-- RECORDS SUPPLIED --

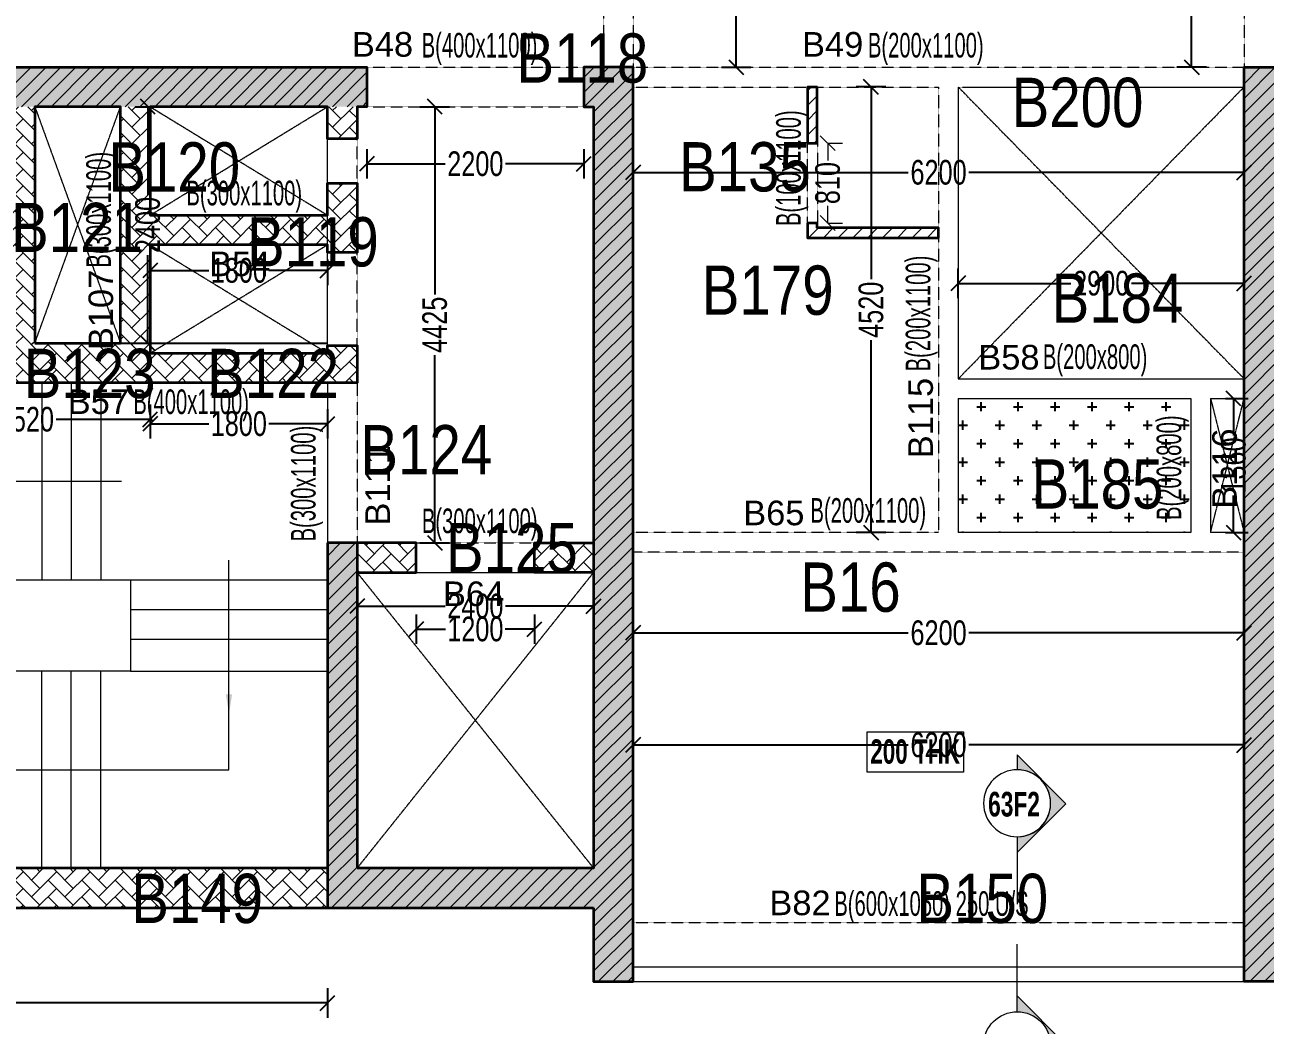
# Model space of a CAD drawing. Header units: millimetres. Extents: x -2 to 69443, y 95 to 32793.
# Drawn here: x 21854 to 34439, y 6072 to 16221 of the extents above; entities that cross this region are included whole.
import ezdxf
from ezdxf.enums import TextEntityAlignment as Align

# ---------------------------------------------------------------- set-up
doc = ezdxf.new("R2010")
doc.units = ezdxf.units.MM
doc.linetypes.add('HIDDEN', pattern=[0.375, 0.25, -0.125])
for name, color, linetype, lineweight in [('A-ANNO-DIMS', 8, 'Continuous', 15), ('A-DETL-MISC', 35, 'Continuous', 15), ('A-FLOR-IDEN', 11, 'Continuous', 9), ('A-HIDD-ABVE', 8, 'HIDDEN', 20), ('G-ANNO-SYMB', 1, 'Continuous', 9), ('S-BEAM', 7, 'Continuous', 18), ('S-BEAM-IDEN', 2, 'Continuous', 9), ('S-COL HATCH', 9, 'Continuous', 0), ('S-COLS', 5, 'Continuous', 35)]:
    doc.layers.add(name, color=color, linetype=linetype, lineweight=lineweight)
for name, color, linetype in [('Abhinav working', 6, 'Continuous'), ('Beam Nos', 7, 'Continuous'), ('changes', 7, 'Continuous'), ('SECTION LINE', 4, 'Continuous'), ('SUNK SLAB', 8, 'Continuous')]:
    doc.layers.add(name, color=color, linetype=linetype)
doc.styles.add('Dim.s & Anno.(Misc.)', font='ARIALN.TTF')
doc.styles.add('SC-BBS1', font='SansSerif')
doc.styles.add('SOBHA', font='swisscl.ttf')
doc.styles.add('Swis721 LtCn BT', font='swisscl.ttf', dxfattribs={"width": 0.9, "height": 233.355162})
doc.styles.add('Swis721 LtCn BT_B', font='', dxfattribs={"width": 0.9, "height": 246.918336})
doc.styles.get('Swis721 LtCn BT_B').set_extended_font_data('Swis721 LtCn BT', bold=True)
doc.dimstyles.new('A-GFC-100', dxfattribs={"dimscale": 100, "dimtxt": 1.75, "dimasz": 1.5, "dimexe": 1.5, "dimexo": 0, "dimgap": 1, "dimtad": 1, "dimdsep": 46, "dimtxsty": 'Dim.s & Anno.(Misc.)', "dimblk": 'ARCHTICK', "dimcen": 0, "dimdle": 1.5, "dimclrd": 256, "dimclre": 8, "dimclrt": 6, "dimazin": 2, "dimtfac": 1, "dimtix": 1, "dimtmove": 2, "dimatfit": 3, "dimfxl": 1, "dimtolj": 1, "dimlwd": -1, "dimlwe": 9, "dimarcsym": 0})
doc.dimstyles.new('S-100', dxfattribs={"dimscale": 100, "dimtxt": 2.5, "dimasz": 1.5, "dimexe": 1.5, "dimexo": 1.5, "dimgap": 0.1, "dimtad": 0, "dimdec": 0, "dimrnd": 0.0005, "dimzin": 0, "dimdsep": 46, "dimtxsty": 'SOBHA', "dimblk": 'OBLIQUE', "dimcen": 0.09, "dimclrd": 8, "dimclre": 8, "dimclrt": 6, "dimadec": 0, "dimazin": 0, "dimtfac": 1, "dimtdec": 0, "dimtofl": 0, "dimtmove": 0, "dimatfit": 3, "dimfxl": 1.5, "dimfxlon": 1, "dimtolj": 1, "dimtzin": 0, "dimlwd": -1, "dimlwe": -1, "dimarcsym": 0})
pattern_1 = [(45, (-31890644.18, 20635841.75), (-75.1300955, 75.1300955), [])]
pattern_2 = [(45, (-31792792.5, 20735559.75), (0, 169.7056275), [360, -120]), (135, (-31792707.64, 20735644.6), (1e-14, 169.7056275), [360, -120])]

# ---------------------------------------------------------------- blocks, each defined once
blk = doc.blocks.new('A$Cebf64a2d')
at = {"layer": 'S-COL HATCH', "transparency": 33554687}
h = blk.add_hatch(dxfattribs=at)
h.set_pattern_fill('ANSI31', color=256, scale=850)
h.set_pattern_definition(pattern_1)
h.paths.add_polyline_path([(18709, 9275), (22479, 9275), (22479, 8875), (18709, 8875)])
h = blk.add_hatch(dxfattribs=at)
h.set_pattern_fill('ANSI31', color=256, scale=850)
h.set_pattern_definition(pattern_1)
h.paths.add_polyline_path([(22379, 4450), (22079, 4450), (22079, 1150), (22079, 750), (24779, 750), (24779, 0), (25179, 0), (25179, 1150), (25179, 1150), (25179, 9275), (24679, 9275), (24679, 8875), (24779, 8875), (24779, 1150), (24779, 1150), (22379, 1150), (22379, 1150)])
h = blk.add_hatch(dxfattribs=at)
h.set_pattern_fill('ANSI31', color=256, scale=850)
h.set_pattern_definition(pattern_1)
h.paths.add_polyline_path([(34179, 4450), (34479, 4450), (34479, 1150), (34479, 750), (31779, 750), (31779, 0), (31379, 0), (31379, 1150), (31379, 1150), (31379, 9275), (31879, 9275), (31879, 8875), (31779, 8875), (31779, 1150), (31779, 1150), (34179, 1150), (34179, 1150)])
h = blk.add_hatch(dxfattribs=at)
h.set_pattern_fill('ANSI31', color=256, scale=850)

-- TASK DESCRIPTION --
Reply with every line of the listing that has the string "HIDDEN".

-- RESULT FOR THIS EXERCISE --
doc.linetypes.add('HIDDEN', pattern=[0.375, 0.25, -0.125])
for name, color, linetype, lineweight in [('A-ANNO-DIMS', 8, 'Continuous', 15), ('A-DETL-MISC', 35, 'Continuous', 15), ('A-FLOR-IDEN', 11, 'Continuous', 9), ('A-HIDD-ABVE', 8, 'HIDDEN', 20), ('G-ANNO-SYMB', 1, 'Continuous', 9), ('S-BEAM', 7, 'Continuous', 18), ('S-BEAM-IDEN', 2, 'Continuous', 9), ('S-COL HATCH', 9, 'Continuous', 0), ('S-COLS', 5, 'Continuous', 35)]:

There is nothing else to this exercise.